President of the Province of Livorno
- In office 1 November 2018 – 26 November 2022
- Preceded by: Alessandro Franchi
- Succeeded by: Sandra Scarpellini

Mayor of Capraia Isola
- Incumbent
- Assumed office 27 May 2026
- Preceded by: Lorenzo Renzi
- In office 10 June 2018 – 15 May 2023
- Preceded by: Gaetano Guarente
- Succeeded by: Lorenzo Renzi

Personal details
- Born: 13 April 1961 (age 65) Capraia Isola, Province of Livorno, Italy

= Maria Ida Bessi =

Italian politician (born 1961)

Maria Ida Bessi (born 13 April 1961) is an Italian politician who served as president of the Province of Livorno from 2018 to 2022, becoming the first woman to hold the office.

== Life and career ==
Bessi was born in Capraia Isola, province of Livorno, in 1961. She began her political career in the late 1980s, when she was elected to the municipal council of Capraia Isola as a civic-list candidate. She was re-elected in 2001, 2006 and 2016, and also served as a municipal assessor with executive responsibilities.

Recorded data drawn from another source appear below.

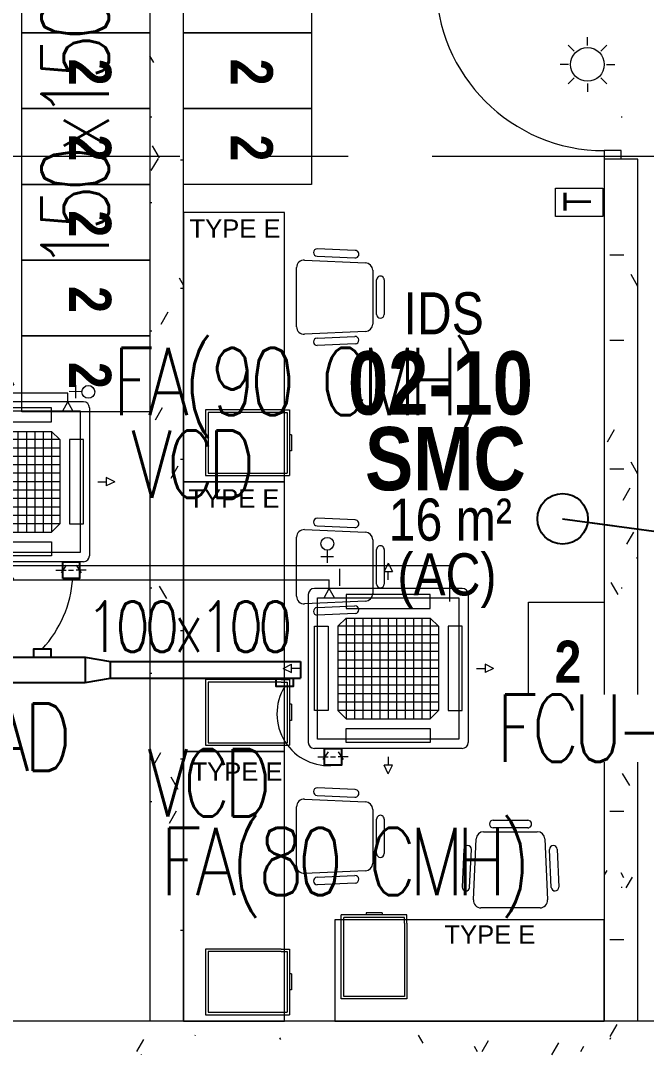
# Model space of a CAD drawing. Header units: millimetres. Extents: x 50620 to 404449, y -131543 to 97.
# Drawn here: x 357970 to 361687, y -98123 to -91993 of the extents above; entities that cross this region are included whole.
import ezdxf

# ---------------------------------------------------------------- set-up
doc = ezdxf.new("R2010")
doc.units = ezdxf.units.MM
doc.linetypes.add('CONTINOUS', pattern=[0])
doc.linetypes.add('IDA - Grid Line', pattern=[3500, 2000, -500, 500, -500])
for name, color, linetype, lineweight in [('1599_DB_A_BLK2_HQ_R21-2ND STOREY 20230517--$0$A-_DETA----_ED-1', 8, 'Continuous', 9), ('1599_DB_A_BLK2_HQ_R21-2ND STOREY 20230517--$0$A-_DOOR----_E', 8, 'Continuous', 9), ('1599_DB_A_BLK2_HQ_R21-2ND STOREY 20230517--$0$S-_COLN----_E', 8, 'Continuous', 9), ('A-_FURT----_E', 8, 'Continuous', 9), ('A-_ROOMNAME_A', 8, 'Continuous', 9), ('A-_WALL----_H-1', 8, 'Continuous', 9), ('A-_WALLPRTN_E', 8, 'Continuous', 9), ('A-_WALLPRTN_E-1', 8, 'Continuous', 18), ('FURNITURE', 8, 'Continuous', 9), ('M-_ACMV TX', 6, 'Continuous', 25), ('M-_ACON----_E-N', 7, 'Continuous', 9), ('M-_ARCHI', 8, 'Continuous', 5), ('M-AC-TEXT', 5, 'CONTINOUS', 25), ('M-ACMV_CDP', 190, 'DRAIN_PIPE', 13), ('M-ACMV_FAD', 3, 'Continuous', 25), ('M-ACMV_FCU', 5, 'Continuous', 25), ('M-ACMV_FLEXD', 222, 'Continuous', 25), ('M-ACMV_PW', 8, 'REFRIGERANT', 25), ('M-ACMV_REF-P', 134, '500-1-RP', 9), ('M-ACMV_REMOTE', 222, 'Continuous', 5), ('M-FA TEXT', 3, 'Continuous', 25), ('M_ACMV_ANNOTATION', 7, 'Continuous', 20)]:
    doc.layers.add(name, color=color, linetype=linetype, lineweight=lineweight)
doc.layers.add('S-_ANOTGRID_E-1', color=9, linetype='IDA - Grid Line', lineweight=5, true_color=0x808080)
doc.styles.add('Arial', font='arial.ttf', dxfattribs={"width": 0.8, "height": 300})
doc.styles.add('Arial Narrow_2', font='ARIALN.TTF', dxfattribs={"height": 90})
doc.styles.add('Arial Narrow_4', font='ARIALN.TTF', dxfattribs={"height": 375})
doc.styles.add('Arial Narrow_B_2', font='ARIALNB.TTF', dxfattribs={"height": 500})
doc.styles.add('Arial Narrow_B_3', font='ARIALNB.TTF', dxfattribs={"height": 450})
doc.styles.add('Arial Narrow_B_4', font='ARIALNB.TTF', dxfattribs={"height": 500})
doc.styles.add('Arial_3', font='arial.ttf', dxfattribs={"height": 500})
doc.styles.add('ROMANS', font='romans.shx', dxfattribs={"width": 0.8})
doc.styles.get("Standard").update_dxf_attribs({"font": 'arial.ttf'})
doc.linetypes.add('500-1-RP', pattern='A,0.75,-0.5,0.75,-0.5,0.75,-0.5,0.75,-1.7,["RP",Standard,S=1,R=0,X=-1,Y=-0.5],-1.7', length=7.9)
doc.linetypes.add('BATTING', pattern='A,0.0001,-0.1,[134,ltypeshp.shx,S=0.1,R=0,X=-0.1,Y=0],-0.2,[134,ltypeshp.shx,S=0.1,R=180,X=0.1,Y=0],-0.1', length=0.4001)
doc.linetypes.add('DRAIN_PIPE', pattern='A,0.5,-0.2,["D",Standard,S=0.1,R=0,X=-0.1,Y=-0.05],-0.25', length=0.95)
doc.linetypes.add('REFRIGERANT', pattern='A,15,-5.08,["R",Standard,S=2.54,R=0,X=-2.54,Y=-1.27],-5.08', length=25.16)
doc.dimstyles.get("Standard").update_dxf_attribs({"dimtxt": 200, "dimasz": 150, "dimexe": 0.18, "dimexo": 0.0625, "dimgap": 10, "dimtad": 1, "dimtih": 1, "dimtoh": 1, "dimdec": 0, "dimzin": 0, "dimdsep": 46, "dimtxsty": 'Standard', "dimcen": 0.09, "dimclrd": 256, "dimclre": 256, "dimclrt": 256, "dimadec": 0, "dimazin": 0, "dimtfac": 1, "dimtdec": 0, "dimtofl": 0, "dimtmove": 0, "dimatfit": 3, "dimfxl": 1, "dimtolj": 1, "dimtzin": 0, "dimarcsym": 1})
pattern_1 = [(360, (102886.37, 38752.37), (1016, 254), [83.82, -678.18, 83.82, -678.18, -4064]), (360, (102886.37, 38752.37), (1016, 254), [-1524, 83.82, -1440.18, 83.82, -678.18, -1778]), (360, (102886.37, 38752.37), (1016, 254), [-3810, 83.82, -424.18, 83.82, -1186.18]), (120, (103267.37, 38879.37), (-727.97045, 752.8818), [83.82, -678.18, 83.82, -678.18, -4064]), (120, (103267.37, 38879.37), (-727.97045, 752.8818), [-1524, 83.82, -1440.18, 83.82, -678.18, -1778]), (120, (103267.37, 38879.37), (-727.97045, 752.8818), [-3810, 83.82, -424.18, 83.82, -1186.18]), (240, (103394.37, 39387.37), (-288.02955, -1006.8818), [83.82, -678.18, 83.82, -678.18, -4064]), (240, (103394.37, 39387.37), (-288.02955, -1006.8818), [-1524, 83.82, -1440.18, 83.82, -678.18, -1778]), (240, (103394.37, 39387.37), (-288.02955, -1006.8818), [-3810, 83.82, -424.18, 83.82, -1186.18])]
pattern_2 = [(6e-11, (-28420.7, -3975.34), (1016, 254), [83.82, -678.18, 83.82, -678.18, -4064]), (6e-11, (-28420.7, -3975.34), (1016, 254), [-1524, 83.82, -1440.18, 83.82, -678.18, -1778]), (6e-11, (-28420.7, -3975.34), (1016, 254), [-3810, 83.82, -424.18, 83.82, -1186.18]), (120, (-28039.7, -3848.34), (-727.9705, 752.8818), [83.82, -678.18, 83.82, -678.18, -4064]), (120, (-28039.7, -3848.34), (-727.9705, 752.8818), [-1524, 83.82, -1440.18, 83.82, -678.18, -1778]), (120, (-28039.7, -3848.34), (-727.9705, 752.8818), [-3810, 83.82, -424.18, 83.82, -1186.18]), (240, (-27912.7, -3340.34), (-288.0295, -1006.8818), [83.82, -678.18, 83.82, -678.18, -4064]), (240, (-27912.7, -3340.34), (-288.0295, -1006.8818), [-1524, 83.82, -1440.18, 83.82, -678.18, -1778]), (240, (-27912.7, -3340.34), (-288.0295, -1006.8818), [-3810, 83.82, -424.18, 83.82, -1186.18])]

# ---------------------------------------------------------------- blocks, each defined once
blk = doc.blocks.new('Thermostat')
at = {"color": 222, "lineweight": 0}
blk.add_lwpolyline([(817450, 27872), (817750, 27872), (817750, 27372), (817450, 27372)], close=True, dxfattribs=at)
at = {"color": 222, "lineweight": 0, "insert": (817504, 27788), "char_height": 291, "attachment_point": 1, "style": 'Arial Narrow_2'}
blk.add_mtext_dynamic_manual_height_columns('T', width=565.64, gutter_width=1.94, heights=[0], dxfattribs=at)
blk = doc.blocks.new('A$Ca8a76259')
at = {"layer": 'M-ACMV_FCU', "lineweight": 18}
for p, q in [((0, 625), (-25, 575)), ((0, 625), (25, 575)), ((-25, 575), (25, 575)), ((0, 525), (0, 575)), ((-475, 439), (-475, -439)), ((439, 475), (-439, 475)), ((439, 475), (439, 475)), ((475, 439), (475, 439)), ((475, 439), (475, -439)), ((-298.5, 250), (-250, 298.5)), ((-298.5, 250), (-298.5, -250)), ((298.5, 250), (-298.5, 250)), ((-250, 298.5), (250, 298.5)), ((-250, 298.5), (-250, -298.5)), ((-200, 298.5), (-200, -298.5)), ((-150, 298.5), (-150, -298.5)), ((-100, 298.5), (-100, -298.5)), ((-50, 298.5), (-50, -298.5)), ((0, 298.5), (0, -298.5)), ((50, 298.5), (50, -298.5)), ((100, 298.5), (100, -298.5)), ((150, 298.5), (150, -298.5)), ((200, 298.5), (200, -298.5)), ((250, 298.5), (298.5, 250)), ((250, 298.5), (250, -298.5)), ((298.5, 250), (298.5, -250)), ((298.5, 200), (-298.5, 200)), ((298.5, 150), (-298.5, 150)), ((298.5, 100), (-298.5, 100)), ((-625, 0), (-575, 25)), ((-625, 0), (-575, -25)), ((-575, -25), (-575, 25)), ((-525, 0), (-575, 0)), ((298.5, 50), (-298.5, 50)), ((298.5, 0), (-298.5, 0)), ((525, 0), (575, 0)), ((575, 25), (575, -25)), ((625, 0), (575, 25)), ((625, 0), (575, -25)), ((298.5, -50), (-298.5, -50)), ((298.5, -100), (-298.5, -100)), ((298.5, -150), (-298.5, -150)), ((298.5, -200), (-298.5, -200)), ((-250, -298.5), (-298.5, -250)), ((298.5, -250), (-298.5, -250)), ((-250, -298.5), (250, -298.5)), ((250, -298.5), (298.5, -250)), ((439, -475), (-439, -475)), ((0, -525), (0, -575)), ((25, -575), (-25, -575)), ((0, -625), (-25, -575)), ((0, -625), (25, -575))]:
    blk.add_line(p, q, dxfattribs=at)
for points in [[(-250, 356), (250, 356), (250, 439), (-250, 439)], [(420, 420), (420, -420), (-420, -420), (-420, 420)], [(-356, 250), (-356, -250), (-439, -250), (-439, 250)], [(356, 250), (356, -250), (439, -250), (439, 250)], [(-250, -356), (250, -356), (250, -439), (-250, -439)]]:
    blk.add_lwpolyline(points, close=True, dxfattribs=at)
for centre, start, end in [((-439, 439), 90, 180), ((439, 439), 0, 90), ((-439, -439), 180, 270), ((439, -439), 270, 0)]:
    blk.add_arc(centre, 36, start, end, dxfattribs=at)
blk = doc.blocks.new('A$C81577ca4')
at = {"layer": 'M-ACMV_REF-P', "lineweight": 0, "ltscale": 0.75}
for p, q in [((19, -95), (-36, -125)), ((-36, -125), (-86, -125)), ((19, -155), (-36, -125))]:
    blk.add_line(p, q, dxfattribs=at)
blk = doc.blocks.new('SSO')
at = {"layer": 'M-ACMV_PW', "color": 1, "linetype": 'ByBlock', "lineweight": 5}
for points in [[(1064770.8, 20778.3), (1064771.8, 20867.5)], [(1064770.8, 20778.3), (1064771.8, 20867.5)], [(1064770.8, 20778.3), (1064771.8, 20867.5)], [(1064770.8, 20778.3), (1064771.8, 20867.5)], [(1064770.8, 20778.3), (1064771.8, 20867.5)], [(1064770.8, 20778.3), (1064771.8, 20867.5)], [(1064815.9, 20822.4), (1064726.7, 20823.4)], [(1064815.9, 20822.4), (1064726.7, 20823.4)]]:
    blk.add_lwpolyline(points, dxfattribs=at)
blk.add_circle((1064770.3, 20733.6), 44.6, dxfattribs=at)
blk.add_circle((1064770.3, 20733.6), 44.6, dxfattribs=at)
blk = doc.blocks.new('A$C49267d6b')
at = {"layer": 'M-_ACON----_E-N', "lineweight": 0}
for p, q in [((0, 127), (0, 76.2)), ((-25.4, 76.2), (12.7, 101.6)), ((0, 63.5), (0, 38.1)), ((-25.4, 25.4), (12.7, 0)), ((0, -25.4), (0, 25.4))]:
    blk.add_line(p, q, dxfattribs=at)
blk = doc.blocks.new('1599_DB_A_BLK2_HQ_R21-2ND STOREY 20230517--$0$IDA - Strobe Light - IDA - Strobe Light-3509615-LINKVIEW_BLK2_2ND STOREY')
at = {"layer": '1599_DB_A_BLK2_HQ_R21-2ND STOREY 20230517--$0$A-_DETA----_ED-1'}
for p, q in [((-79.5, 279.5), (-114.9, 314.9)), ((0, 312.5), (0, 362.5)), ((79.5, 279.5), (114.9, 314.9)), ((-112.5, 200), (-162.5, 200)), ((112.5, 200), (162.5, 200)), ((-79.5, 120.5), (-114.9, 85.1)), ((0, 87.5), (0, 37.5)), ((79.5, 120.5), (114.9, 85.1))]:
    blk.add_line(p, q, dxfattribs=at)
blk.add_circle((0, 200), 100, dxfattribs=at)
blk = doc.blocks.new('1599_DB_A_BLK2_HQ_R21-2ND STOREY 20230517--$0$IDA - F - Single - Swing - 1100L X 2200H - B2-TD01-3240950-LINKVIEW_BLK2_2ND STOREY')
at = {"layer": '1599_DB_A_BLK2_HQ_R21-2ND STOREY 20230517--$0$A-_DOOR----_E'}
for p, q in [((500, 1050), (450, 1050)), ((450, 1050), (450, 50)), ((500, 50), (500, 1050)), ((-500, 50), (-550, 50)), ((-500, -50), (-500, 50)), ((450, 50), (500, 50)), ((550, 50), (500, 50)), ((500, 50), (500, -50)), ((-550, -50), (-500, -50)), ((500, -50), (550, -50))]:
    blk.add_line(p, q, dxfattribs=at)
blk.add_arc((500, 50), 1000, 90, 180, dxfattribs=at)
blk = doc.blocks.new('ARCHI 2ND_2024 09 11')
at = {"layer": '1599_DB_A_BLK2_HQ_R21-2ND STOREY 20230517--$0$S-_COLN----_E', "lineweight": 5}
h = blk.add_hatch(dxfattribs=at)
h.set_pattern_fill('FP_3', color=8, style=0, pattern_type=2)
h.set_pattern_definition(pattern_2)
h.paths.add_polyline_path([(-23450, -64481.7), (-23350, -64481.7), (-23350, -63616.7), (-23450, -63616.7)], flags=0)
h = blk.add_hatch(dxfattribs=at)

In June 2018, Bessi was elected mayor of Capraia Isola, leading the civic list Insieme per Capraia, with 71.86% of the vote, defeating Arturo Vasuino, who received 28.13%.

In October 2018, Bessi was elected president of the Province of Livorno supported by the centre-left coalition, receiving 78% of the weighted vote against 22% for Maurizio Papi, the mayor of Porto Azzurro. She became the first woman to serve as president of the province.

In May 2023, Bessi narrowly lost re-election as mayor of Capraia Isola, receiving 49.49% of the vote against Lorenzo Renzi's 49.83%. She was re-elected mayor in 2026 with 63.61% of the vote.